- Required work
Every line below is to be set down again exactly; any image stays out.

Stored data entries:
# # #

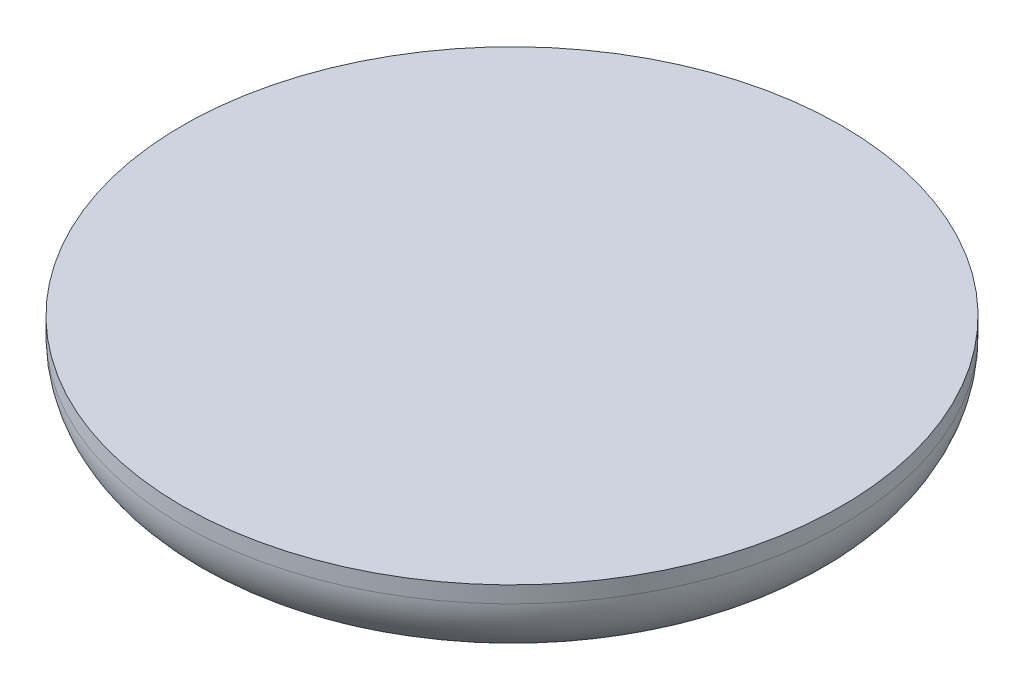
from build123d import *

# Parameters (mm, degrees)
SKETCH1_R           = 20
BOSS_EXTRUDE1_DEPTH = 5
FILLET1_R           = 4


with BuildPart() as part:
    # Sketch1 → Boss-Extrude1 (new body)
    with BuildSketch(Plane(origin=(0, 0, 0), x_dir=(1, 0, 0), z_dir=(0, 1, 0))):
        Circle(SKETCH1_R)
    extrude(amount=BOSS_EXTRUDE1_DEPTH)

    # Fillet1
    fillet1_edges = [part.edges().sort_by_distance(p)[0] for p in [
        (-20, 0, 0),
    ]]
    fillet(fillet1_edges, radius=FILLET1_R)


solid = part.part

# # #

- Written answer
from build123d import *

# Parameters (mm, degrees)
SKETCH1_R           = 20
BOSS_EXTRUDE1_DEPTH = 5
FILLET1_R           = 4


with BuildPart() as part:
    # Sketch1 → Boss-Extrude1 (new body)
    with BuildSketch(Plane(origin=(0, 0, 0), x_dir=(1, 0, 0), z_dir=(0, 1, 0))):
        Circle(SKETCH1_R)
    extrude(amount=BOSS_EXTRUDE1_DEPTH)

    # Fillet1
    fillet1_edges = [part.edges().sort_by_distance(p)[0] for p in [
        (-20, 0, 0),
    ]]
    fillet(fillet1_edges, radius=FILLET1_R)


solid = part.part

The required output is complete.